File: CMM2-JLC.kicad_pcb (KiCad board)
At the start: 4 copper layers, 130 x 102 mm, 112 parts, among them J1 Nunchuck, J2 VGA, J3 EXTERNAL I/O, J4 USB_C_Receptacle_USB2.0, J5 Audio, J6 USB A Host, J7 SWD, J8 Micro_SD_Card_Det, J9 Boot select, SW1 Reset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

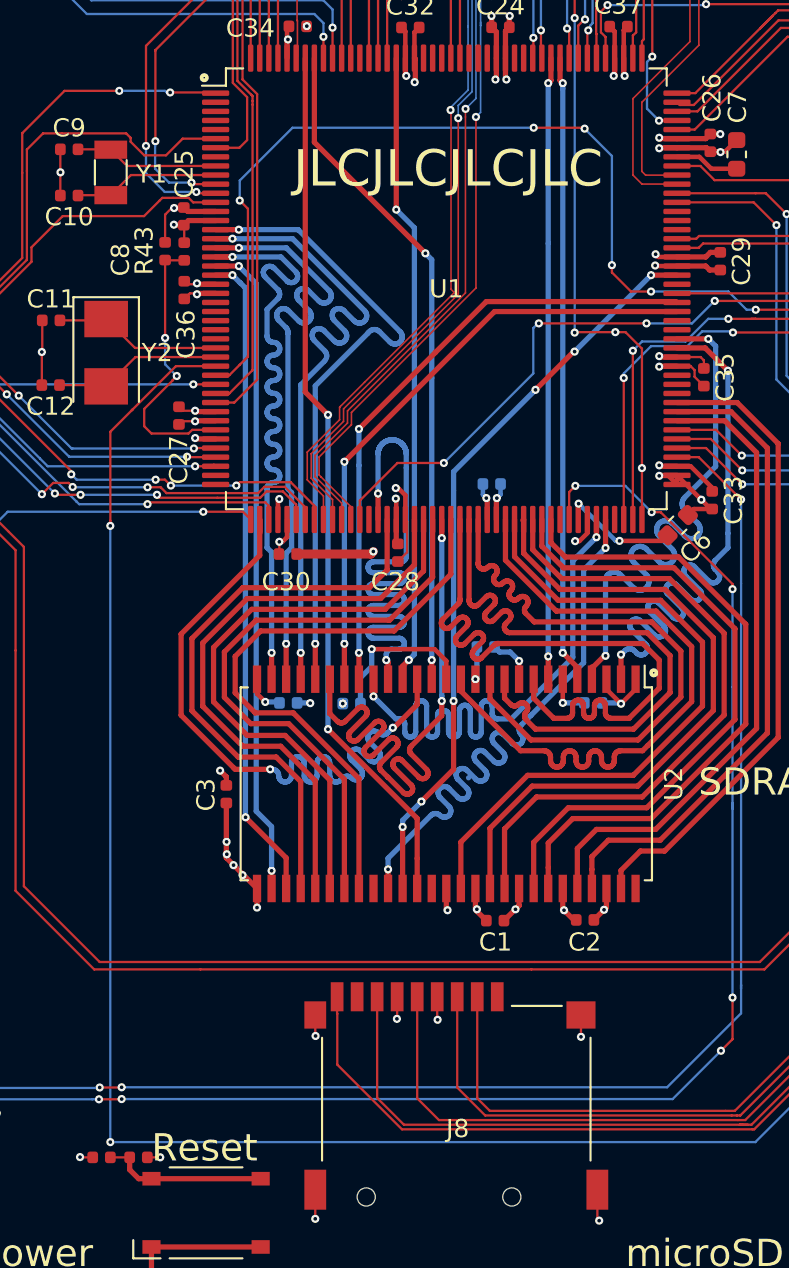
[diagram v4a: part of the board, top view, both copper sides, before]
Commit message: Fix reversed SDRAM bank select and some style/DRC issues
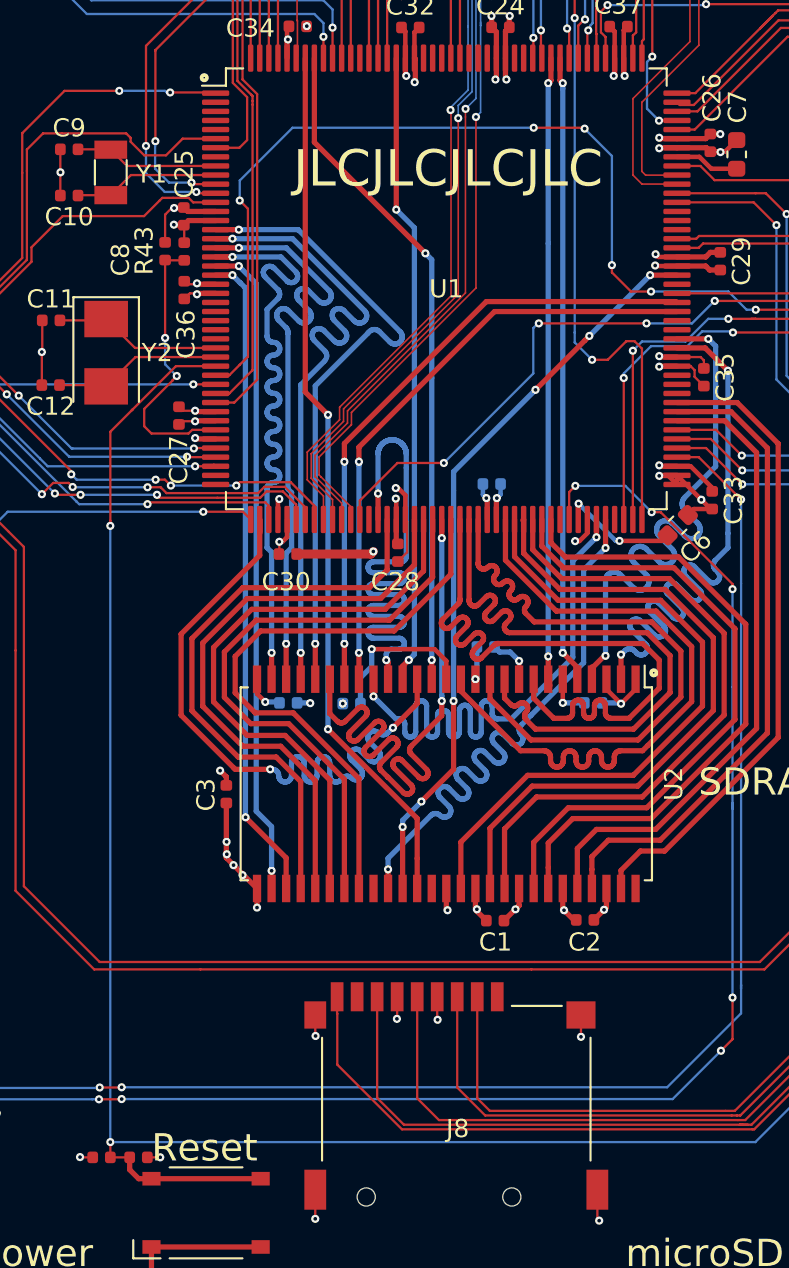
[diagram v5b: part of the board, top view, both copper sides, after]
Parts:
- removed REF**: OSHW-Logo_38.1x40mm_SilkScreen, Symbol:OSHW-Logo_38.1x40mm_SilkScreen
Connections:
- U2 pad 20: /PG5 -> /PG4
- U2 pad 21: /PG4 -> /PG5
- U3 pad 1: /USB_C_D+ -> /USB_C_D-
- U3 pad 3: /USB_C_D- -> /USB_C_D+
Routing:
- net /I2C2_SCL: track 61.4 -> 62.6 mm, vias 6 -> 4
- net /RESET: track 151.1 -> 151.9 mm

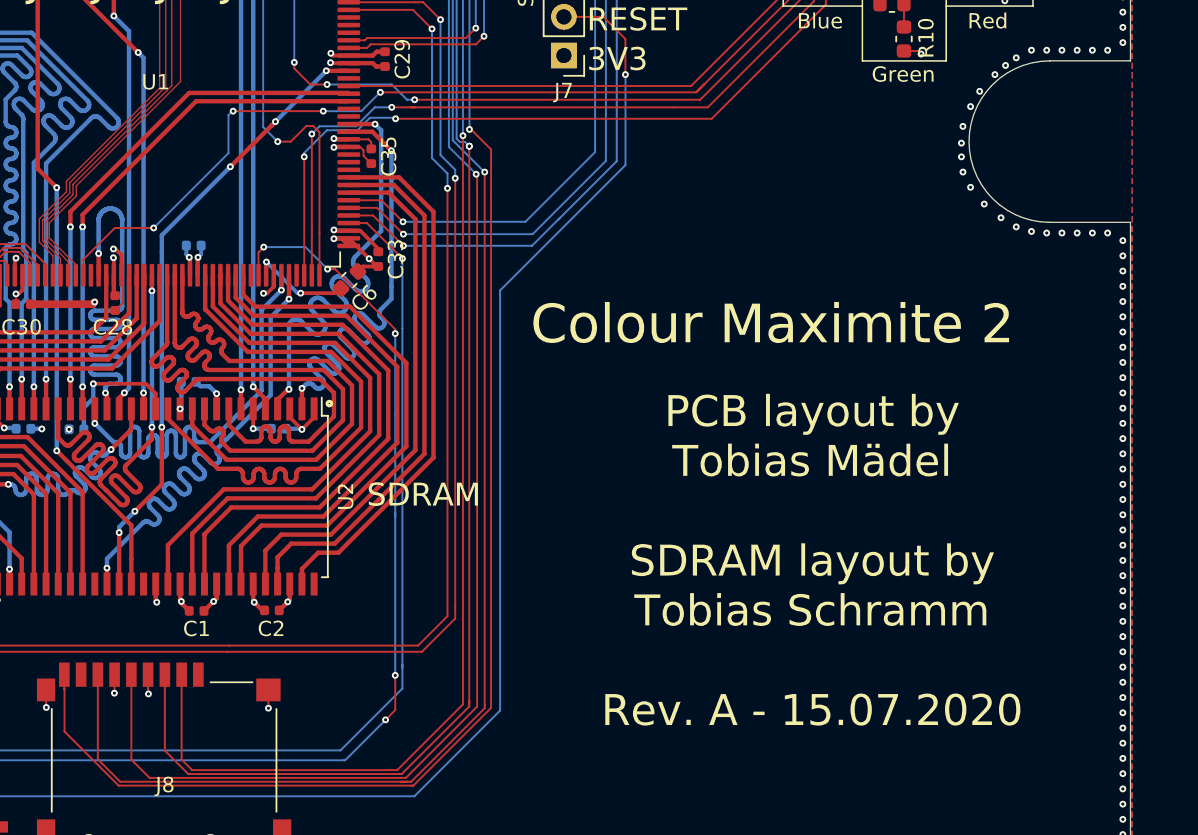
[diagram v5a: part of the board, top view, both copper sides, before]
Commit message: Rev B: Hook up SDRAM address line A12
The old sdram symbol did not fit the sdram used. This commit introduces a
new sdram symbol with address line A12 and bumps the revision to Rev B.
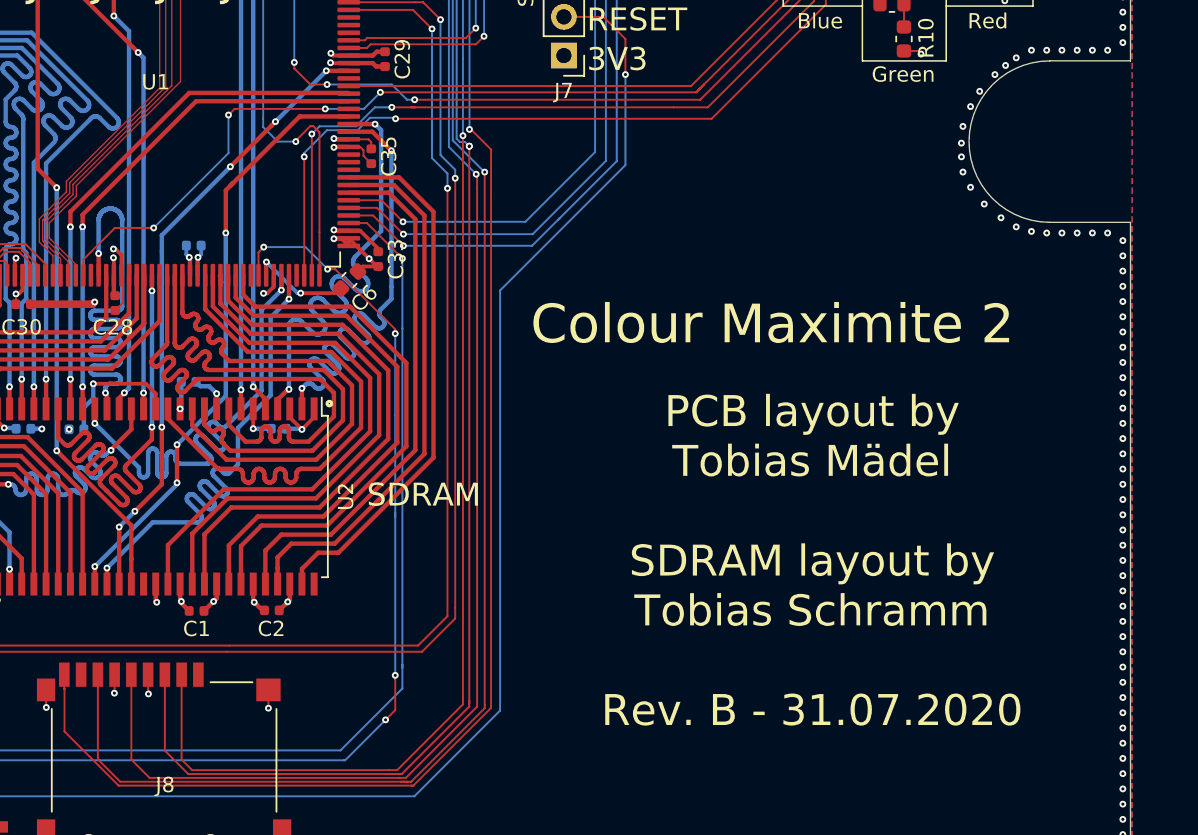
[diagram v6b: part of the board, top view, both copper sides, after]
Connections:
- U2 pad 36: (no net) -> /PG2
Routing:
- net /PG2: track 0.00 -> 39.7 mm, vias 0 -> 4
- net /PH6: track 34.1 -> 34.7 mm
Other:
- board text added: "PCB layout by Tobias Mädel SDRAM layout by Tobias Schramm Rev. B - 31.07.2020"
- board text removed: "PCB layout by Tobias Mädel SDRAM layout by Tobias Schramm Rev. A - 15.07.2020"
-------
What you should do:
Copy verbatim the span that begins at the line containing "[diagram v4a: part" and ends at the last line of the material, inclusive of both; exclude pictures.

Task output:
[diagram v4a: part of the board, top view, both copper sides, before]
Commit message: Fix reversed SDRAM bank select and some style/DRC issues
[diagram v5b: part of the board, top view, both copper sides, after]
Parts:
- removed REF**: OSHW-Logo_38.1x40mm_SilkScreen, Symbol:OSHW-Logo_38.1x40mm_SilkScreen
Connections:
- U2 pad 20: /PG5 -> /PG4
- U2 pad 21: /PG4 -> /PG5
- U3 pad 1: /USB_C_D+ -> /USB_C_D-
- U3 pad 3: /USB_C_D- -> /USB_C_D+
Routing:
- net /I2C2_SCL: track 61.4 -> 62.6 mm, vias 6 -> 4
- net /RESET: track 151.1 -> 151.9 mm

[diagram v5a: part of the board, top view, both copper sides, before]
Commit message: Rev B: Hook up SDRAM address line A12
The old sdram symbol did not fit the sdram used. This commit introduces a
new sdram symbol with address line A12 and bumps the revision to Rev B.
[diagram v6b: part of the board, top view, both copper sides, after]
Connections:
- U2 pad 36: (no net) -> /PG2
Routing:
- net /PG2: track 0.00 -> 39.7 mm, vias 0 -> 4
- net /PH6: track 34.1 -> 34.7 mm
Other:
- board text added: "PCB layout by Tobias Mädel SDRAM layout by Tobias Schramm Rev. B - 31.07.2020"
- board text removed: "PCB layout by Tobias Mädel SDRAM layout by Tobias Schramm Rev. A - 15.07.2020"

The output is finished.